Looks great and I also like your windbreak


----------



## Brokenhandle (Nov 28, 2021)

Looks good to me! I like your enclosure ya made!

Ryan


----------



## IH 1026 (Nov 28, 2021)

Brokenhandle said:


> Looks good to me! I like your enclosure ya made!
> 
> Ryan



Thanks Ryan.  Simply made from 1/2" plywood, high temp insulation, and a few hinges.  The new and improved model will have a door that folds flat in the front to keep heat in.  Temps on Thanksgiving day were in the low 30's here with 30mph winds, and I still had plenty of fuel left over after my cook.


----------



## jcam222 (Nov 28, 2021)

Hard to beat smoked chuck. I’m sure with the sous vide step it was very tender. I use a stock pot for my sous vide too. Works good.


----------



## DougE (Nov 28, 2021)

I've still not got into the sous vide thing, but I bet it makes for a super tender and moist smoked chuckie.


----------



## gmc2003 (Nov 28, 2021)

That looks pretty darn good to me. I can see myself topping it with some nice beef gravy and having an open faced sammie. 

Point for sure
Chris


----------



## Fishonshawn (Nov 28, 2021)

Wouldn't it be better to smoke it first then sous vide it?


----------



## IH 1026 (Nov 29, 2021)

Fishonshawn said:


> Wouldn't it be better to smoke it first then sous vide it?
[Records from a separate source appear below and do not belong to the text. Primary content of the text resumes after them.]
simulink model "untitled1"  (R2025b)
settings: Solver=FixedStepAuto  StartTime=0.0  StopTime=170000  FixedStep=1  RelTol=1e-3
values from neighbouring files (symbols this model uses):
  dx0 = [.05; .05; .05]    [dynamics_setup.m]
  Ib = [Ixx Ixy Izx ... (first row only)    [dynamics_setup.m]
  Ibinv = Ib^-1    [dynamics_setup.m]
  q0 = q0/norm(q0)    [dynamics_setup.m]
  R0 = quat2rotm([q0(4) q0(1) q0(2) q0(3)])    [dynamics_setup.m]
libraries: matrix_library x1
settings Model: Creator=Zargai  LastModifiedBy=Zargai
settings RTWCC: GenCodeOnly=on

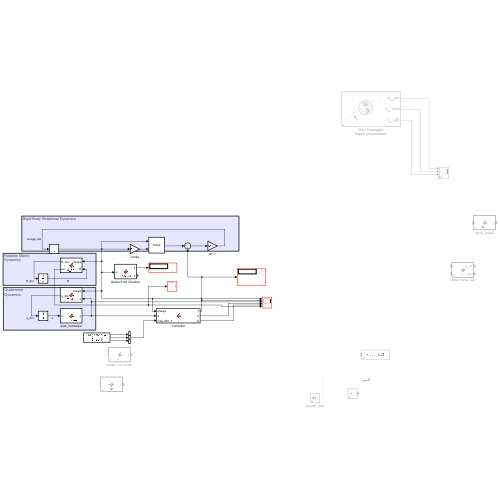
[thumbnail: Simulink's stored preview of the top-level diagram]
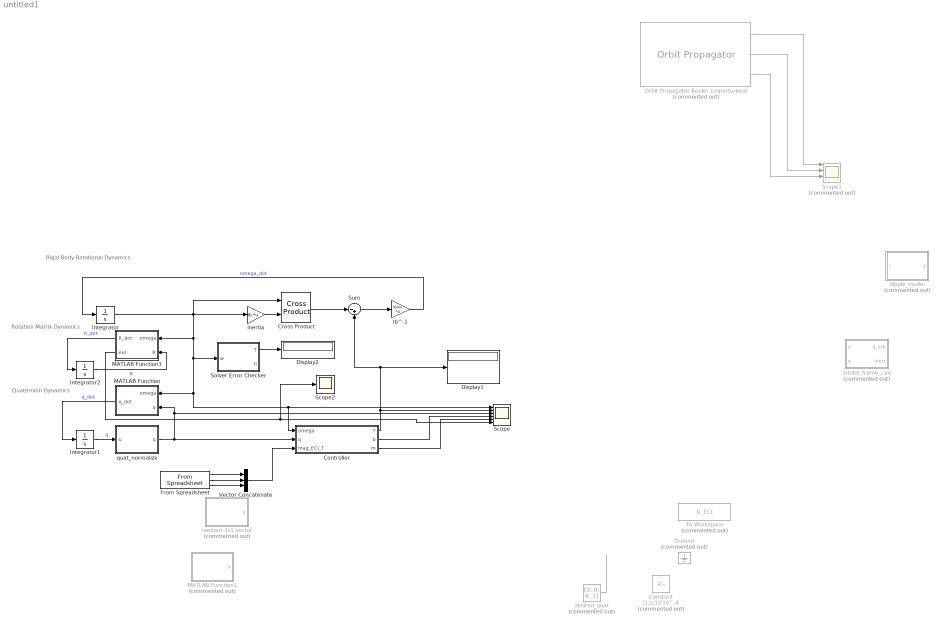
== system untitled1 ==
  note: Rotation Matrix
      | Dynamics
  note: Quaternion
      | Dynamics
  note: Rigid Body Rotational Dynamics
  Constant : Constant  Commented=on  Value=[1;1;1]*10^-4
  Controller : MATLAB Function  TreatAsAtomicUnit=on
  Cross Product : matrix_library/Cross Product
  Display1 : Display
  Display2 : Display
  From Spreadsheet : FromSpreadsheet  FileName=magdata.xlsx
  Ground : Ground  Commented=on
  Ib^-1 : Gain  Gain=Ibinv  Multiplication=Matrix(K*u)
  Integrator : Integrator  InitialCondition=dx0
  Integrator1 : Integrator  InitialCondition=q0
  Integrator2 : Integrator  InitialCondition=R0
  MATLAB Function : MATLAB Function  TreatAsAtomicUnit=on
  MATLAB Function1 : MATLAB Function  Commented=on  TreatAsAtomicUnit=on
  MATLAB Function3 : MATLAB Function  TreatAsAtomicUnit=on
  Orbit Propagator Kepler (unperturbed) : OrbitPropagator  Commented=on  semiMajorAxis=6968137  inclination=97.7496  raan=90  argPeriapsis=0  inertialPosition=[3649700.0 3308200.0 -4676600.0]  inertialVelocity=[-2750.8 6666.4 2573.4]  fixedPosition=[-4142689.0 -2676864.7 -4669861.6]  fixedVelocity=[1452.7 -6720.7 2568.1]  customR=3396200  customMu=4.305e13  customJ2=1.0826269e-03  customOmega=4.06125949e-3
  Scope : Scope  NumInputPorts=6
      settings: ActiveDisplayYMinimum=-4.340875855178699  ActiveDisplayYMaximum=4.9307851291899176
  Scope1 : Scope  Commented=on  NumInputPorts=4
      settings: ActiveDisplayYMinimum=-8.78056449714E+6  ActiveDisplayYMaximum=8.64689677459E+6
  Scope2 : Scope
      settings: ActiveDisplayYMinimum=-3.9269892667285857  ActiveDisplayYMaximum=3.9269862026038229  YLabel=Euler Angles (radians)  DataLoggingVariableName=ScopeData2
  Solver Error Checker : MATLAB Function  TreatAsAtomicUnit=on
  Sum : Sum  Inputs=|-+
  To Workspace : ToWorkspace  Commented=on  VariableName=b_ECI  SaveFormat=Timeseries  SampleTime=-1
  Vector Concatenate : Concatenate  NumInputs=3
  desired_quat : Constant  Commented=on  Value=[0; 0; 0; 1]
  dipole_model : MATLAB Function  Commented=on  TreatAsAtomicUnit=on
  inertia : Gain  Gain=Ib  Multiplication=Matrix(K*u)
  orbital_frame_calc : MATLAB Function  Commented=on  TreatAsAtomicUnit=on
  quat_normalize : MATLAB Function  TreatAsAtomicUnit=on
  random 3x1 vector : MATLAB Function  Commented=on  TreatAsAtomicUnit=on
  wires:
  Integrator/1 -> inertia/1, MATLAB Function3/1(omega), Solver Error Checker/1(w), Controller/1(omega), Scope/1, MATLAB Function/1(omega), Cross Product/1
  MATLAB Function/1(q_dot) -> Integrator1/1  "q_dot"
  Integrator1/1 -> quat_normalize/1(u)  "q"
  Ib^-1/1 -> Integrator/1  "omega_dot"
  inertia/1 -> Cross Product/2
  Cross Product/1 -> Sum/1
  Controller/1(T) -> Sum/2, Display1/1, Scope/2
  Sum/1 -> Ib^-1/1
  From Spreadsheet/1 -> Vector Concatenate/1
  From Spreadsheet/3 -> Vector Concatenate/3
  From Spreadsheet/2 -> Vector Concatenate/2
  desired_quat/1 -> ?
  Solver Error Checker/1(T) -> Display2/1
  Controller/2(b) -> Scope/4
  Controller/3(m) -> Scope/5
  Orbit Propagator Kepler (unperturbed)/1 -> Scope1/1
  Orbit Propagator Kepler (unperturbed)/2 -> Scope1/2
  Orbit Propagator Kepler (unperturbed)/3 -> Scope1/3
  quat_normalize/1(q) -> MATLAB Function/2(q), Scope/3, Controller/2(q)
  Integrator2/1 -> MATLAB Function3/2(R)  "R"
  MATLAB Function3/1(R_dot) -> Integrator2/1  "R_dot"
  MATLAB Function3/2(eul) -> Scope2/1, Scope/6
  Vector Concatenate/1 -> Controller/3(mag_ECI_T)

== matlab function untitled1/MATLAB Function1 ==
  data: y output
function y = fcn()

y = rand(3, 1) * 10^-4;

== matlab function untitled1/MATLAB Function ==
  data: omega input; q input; q_dot output
function q_dot = Q_dot(omega, q)

% Reference Crassidis Ch. 7.1

% skew = [0 -omega(3) omega(2);
%     omega(3) 0 -omega(1);
%     -omega(2) omega(1) 0];

% q_dot = .5* [-skew omega;
%     -omega' 0]* q;

q_dot = .5 * quat_cross_mult([omega; 0], q);

== matlab function untitled1/quat_normalize ==
  data: u input; q output
function q = q_norm(u)

q = u/norm(u);

== matlab function untitled1/Solver Error Checker ==
  data: w input; T output; h output
function [T, h] = checker(w)

Ixx = .03293;
Iyy = .13199;
Izz = .13943;
Ixy = .00005;
Iyz = -.00016;
Izx = -.00014;

Ib = [Ixx Ixy Izx;
    Ixy Iyy Iyz;
    Izx Iyz Izz];

T = w'*Ib*w;
h = norm(Ib*w);

== matlab function untitled1/dipole_model ==
  data: r input; y output
function y = fcn(r)
Bo = 3.12*10^-5;
r_earth = 6370000;
[az, el, r] = cart2sph(r(1), r(2), r(3));
colat = 90 - el;
br = -2*Bo*(r_earth/norm(r))^3*cos(colat); 
blat = -Bo*(r_earth/norm(r))^3*cos(colat); 

y = u;

== matlab function untitled1/random 3x1 vector ==
  data: y output
function y = fcn()

y = rand(3,1);

== matlab function untitled1/Controller ==
  data: omega input; T output; q input; mag_ECI_T input; b output; m output
function [T,b,m] = C(omega, q, mag_ECI_T)
Kd = .0001; % Pick a Kd
%Kp = .02*(50+Kd)^2; % Ballpark formula to attempt to obtain critical damping

Kp = .00001;

bq = quat_cross_mult(q, quat_cross_mult( [mag_ECI_T; 0] , quat_inv(q))); % Embed mag_ECI into quat and Transform from ECI to Body frame
b = bq(1:3); % Retrieve vector part

% debugging statement

omega_d = [0; 0; 0];
qd = [13; -123; 53; -43];
qd = qd/norm(qd);
omega_e = omega - omega_d;

qe = quat_cross_mult( q, quat_inv(qd) ); % Eqn 7.2 in Crassidis

Td = - Kp * sign(qe(4)) * qe(1:3) - Kd * omega_e(1:3); % Pd on error quaternion vector and rates. Included shortest angle rotation with sign(qe(4))

% Spin axis simulation

%Td = - Kp * qe(2:3) - Kd * omega_e(2:3); % Pd on error quaternion vector and rates. Included shortest angle rotation with sign(qe(4))
%Td = [0; Td];

m = cross(b, Td)/norm(b)^2;

% Saturate coils

m_max = [0.2; 0.2; 0.1];
m_max = [2000; 2000; 1000];

m = min(max(m, -m_max), m_max);

T = cross(m, b);

== matlab function untitled1/MATLAB Function3 ==
  data: omega input; R_dot output; R input; eul output
function [R_dot, eul] = R_dot(omega, R)

skew = [0 -omega(3) omega(2);
    omega(3) 0 -omega(1);
    -omega(2) omega(1) 0];

R_dot = R*skew;
eul = rotm2eul(R);

== matlab function untitled1/orbital_frame_calc ==
  data: x input; q_orb output; v input; inert output
function [q_orb,inert]= fcn(x, v)

nadir = -x/norm(x);
q_orb/inert =

I dunno.. will try that with the next one I get.


----------



## SmokinAl (Nov 29, 2021)

Looks real good to me!
If it was a little dry, then I would suggest smoking it first to an IT of 150, then SV at 155 for 24 hours. That’s the way I do brisket flats & they are always tender & juicy.  You can add more seasoning to the bag with about 1/4 stick of butter for even more flavor.
Al


----------



## JLeonard (Nov 29, 2021)

Looks mighty fine to me. 
Jim


----------



## uncle eddie (Nov 29, 2021)

Heck ya!  Looks great to me.


----------



## crazymoon (Nov 30, 2021)

IH, I'd like a plate of that !


----------



## txflyguy (Dec 8, 2021)

Smoked Chuck is an all time favorite of ours! 
Yours looks real good!


----------



## illini40 (Dec 19, 2021)

Looks great! Thanks for sharing.

So is the time on the smoker simply to bring it back up to temp and get some smoke on it? Since it was fully cooked/pasteurized from the SV, correct?

thanks!


----------